Er zijn weinig zichzelf respecterende organisaties die anno 2017 niet tenminste hebben nagedacht over de implementatie van lean leiderschap. Lean is in de afgelopen jaren een soort toverwoord geworden, dat staat voor onder meer continue verbetering, voortdurend leren, het nastreven van perfectie, extreme klantgerichtheid, bedrijfsbrede autonomie en vertrouwen in/respect voor mensen. Dat klinkt mooi in theorie, maar toch blijken lang niet alle lean teams succesvol te zijn. Hoe kan dat?
Oorsprong lean leiderschap
Jim Womack en John Shook van het Lean Leadership Institute beschrijven de evolutie van populaire leiderschapsmodellen als volgt. Eerst was er lange tijd de dictatorstijl (‘Do it my way’), vervolgens kregen we de jaren ’80 empowerment-stijl (‘Do it your way’) en sinds enkele jaren gaan we dus massaal voor de lean stijl (‘Follow me, but let’s figure this out together’). Lean heeft zijn oorsprong in Japan. Het lijkt heel simpel. Toyotalegende en lean-icoon Fujio Cho vatte het leiderschapsmodel samen in 3 actiepunten:
- Go and See
- Ask Why
- Show Respect
Geheim van goede lean teams
Maar hoewel lean tegenwoordig in de meest uiteenlopende organisaties wordt toegepast, leidt het lang niet altijd tot verbeterde prestaties. Hoe komt dat? En wat is er nodig om de methode wel te laten slagen? Organisatiedeskundige Desirée van Dun, specialist prestatieverbetering bij House of Performance en assistant professor aan de Universiteit Twente promoveerde cum laude op dat vraagstuk.
Voor haar proefschrift ‘Improving Lean Team Performance: Leadership and Workfloor Dynamics’ ging ze niet bepaald over één nacht ijs. Van Dun leerde dat goed presterende lean teams worden gekenmerkt door 9 groepsdynamische factoren, die grofweg kunnen worden gecategoriseerd onder Gevoel, Gedrag en Gedachten (zie illustratie). Wat doen goed presterende lean teams goed?

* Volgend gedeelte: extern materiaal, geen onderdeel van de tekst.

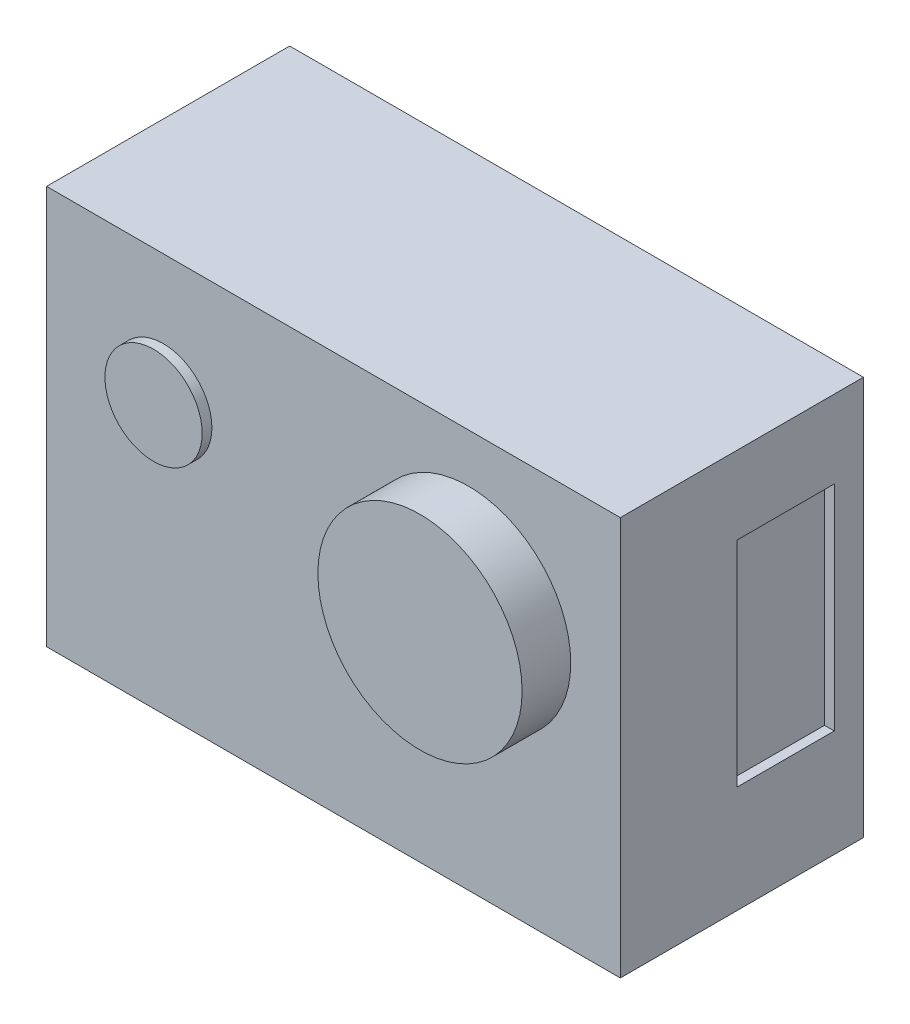
SolidWorks part; units mm, degrees
ref_plane "Спереди" through (0, 0, 0) normal (0, 0, 1) x (1, 0, 0)
ref_plane "Сверху" through (0, 0, 0) normal (0, 1, 0) x (1, 0, 0)
ref_plane "Справа" through (0, 0, 0) normal (1, 0, 0) x (0, 0, -1)
sketch "Эскиз1" plane through (0, 0, 0) normal (0, 0, 1) x (1, 0, 0)
  line L1 (-29.5, 20.5) -> (29.5, 20.5)
  line L2 (-29.5, 20.5) -> (-29.5, -20.5)
  line L3 (-29.5, -20.5) -> (29.5, -20.5)
  line L4 (29.5, 20.5) -> (29.5, -20.5)
  line L5 (-29.5, 20.5) -> (29.5, -20.5) construction
  line L6 (-29.5, -20.5) -> (29.5, 20.5) construction
  point P0 (0, 0)
  dimension "D1" = 59
  dimension "D2" = 41
extrude "Бобышка-Вытянуть1" add sketch "Эскиз1" along normal blind 25 contours L1 L4 L3 L2
sketch "Эскиз2" plane through (0, 0, 25) normal (0, 0, 1) x (1, 0, 0)
  line L4 (-29.5, 20.5) -> (-29.5, -20.5)
  line L5 (-29.5, -20.5) -> (29.5, -20.5)
  line L6 (29.5, -20.5) -> (29.5, 20.5)
  line L7 (29.5, 20.5) -> (-29.5, 20.5)
  line L10 (29.5, -20.5) -> (29.5, 20.5)
  line L11 (29.5, 20.5) -> (-29.5, 20.5)
  circle A0 centre (13.9, 5) radius 10.5
  point P4 (13.9, 15.5)
  point P8 (3.4, 5)
  dimension "D2" = 21
  dimension "D3" = 5
  dimension "D4" = 26.1
  dimension "D1" = 0
extrude "Бобышка-Вытянуть2" add sketch "Эскиз2" along normal blind 5 contours A0
sketch "Эскиз5" plane through (0, 0, 25) normal (0, 0, 1) x (1, 0, 0)
  line L1 (-29.5, 20.5) -> (-29.5, -20.5) construction
  line L2 (-29.5, 20.5) -> (29.5, 20.5) construction
  circle A0 centre (-17.5, 7.5) radius 5
  point P2 (-17.5, 2.5)
  dimension "D1" = 10
  dimension "D2" = 13
  dimension "D3" = 12
extrude "Бобышка-Вытянуть3" add sketch "Эскиз5" along normal blind 1
sketch "Эскиз6" plane through (29.5, 0, 0) normal (1, 0, 0) x (0, 0, -1)
  line L0 (0, 0) -> (-25, 0) construction
  line L1 (-13, 12.5) -> (-3, 12.5)
  line L2 (-13, 12.5) -> (-13, -9.5)
  line L3 (-13, -9.5) -> (-3, -9.5)
  line L4 (-3, 12.5) -> (-3, -9.5)
  line L5 (-25, 20.5) -> (-25, -20.5) construction
  line L6 (-25, -20.5) -> (0, -20.5) construction
  line L7 (-25, 20.5) -> (0, 20.5) construction
  line L8 (-25, 15.5) -> (-25, -5.5) construction
  dimension "D1" = 11
  dimension "D2" = 8
  dimension "D3" = 10
  dimension "D4" = 12
extrude "Вырез-Вытянуть1" cut sketch "Эскиз6" against normal blind 1 contours L1 L4 L3 L2

#1. Het hoger management ondersteunt teamleiders en werkvloer
Lean is geen quick fix. Het werkt alleen als het een integraal deel uitmaakt van de organisatiestructuur van het bedrijf. Als top zeggen dat je betrokken bent bij lean is iets anders dan ook daadwerkelijk betrokken zijn, observeerde Van Dun. ‘In goed presterende bedrijven blijkt het hogere management de rest van de medewerkers grofweg op 3 manieren actief te ondersteunen,’ zegt ze.
Lean belangrijk vinden
‘In de eerste plaats houdt de top geregeld gemba walks. Dat wil zeggen dat ze duidelijk zichtbaar de werkvloer op gaat. Om successen te vieren, maar vooral ook om open vragen te stellen over de werkprocessen en de medewerkers expliciet te laten weten dat ze lean belangrijk vinden. Ze steken veel energie in het uitleggen van de strategie en de bijbehorende organisatiestructuur, zodat iedere medewerker er vertrouwd mee raakt. Als ze de juiste lean koers eenmaal hebben uitgezet, houden ze daaraan vast, ook als het tij tegen zit.
De klad in komen
Tenslotte biedt het hogere management van goed presterende lean teams de teamleden voldoende tijd en middelen om continu te kunnen verbeteren. Denk aan het vrijmaken van tijd aan het begin van de werkdag voor teamoverleg, het inrichten én onderhouden van digitale dashboards en het vrijmaken van mensen ten behoeve van procesverbetering. Bij de bedrijven die geen prestatieverbetering boekten, zag ik dat er vaak de klad kwam in de concrete ondersteuning van bovenaf. Lean is beslist niet alleen iets van de werkvloer, maar moet eerst worden geborgd in gedrag en waarden van de hoger geplaatste managers.’
#2. De teamleiders ondersteunen hun team
Van Dun ontdekte dat teamleiders van minder goed presterende teams zich paradoxaal genoeg intensief bemoeien met de uitvoering van taken. Ze houden bijna krampachtig de vinger aan de pols. Van Dun: ‘Intensief monitoren van taken wordt door de teamleden meestal niet als prettig ervaren.’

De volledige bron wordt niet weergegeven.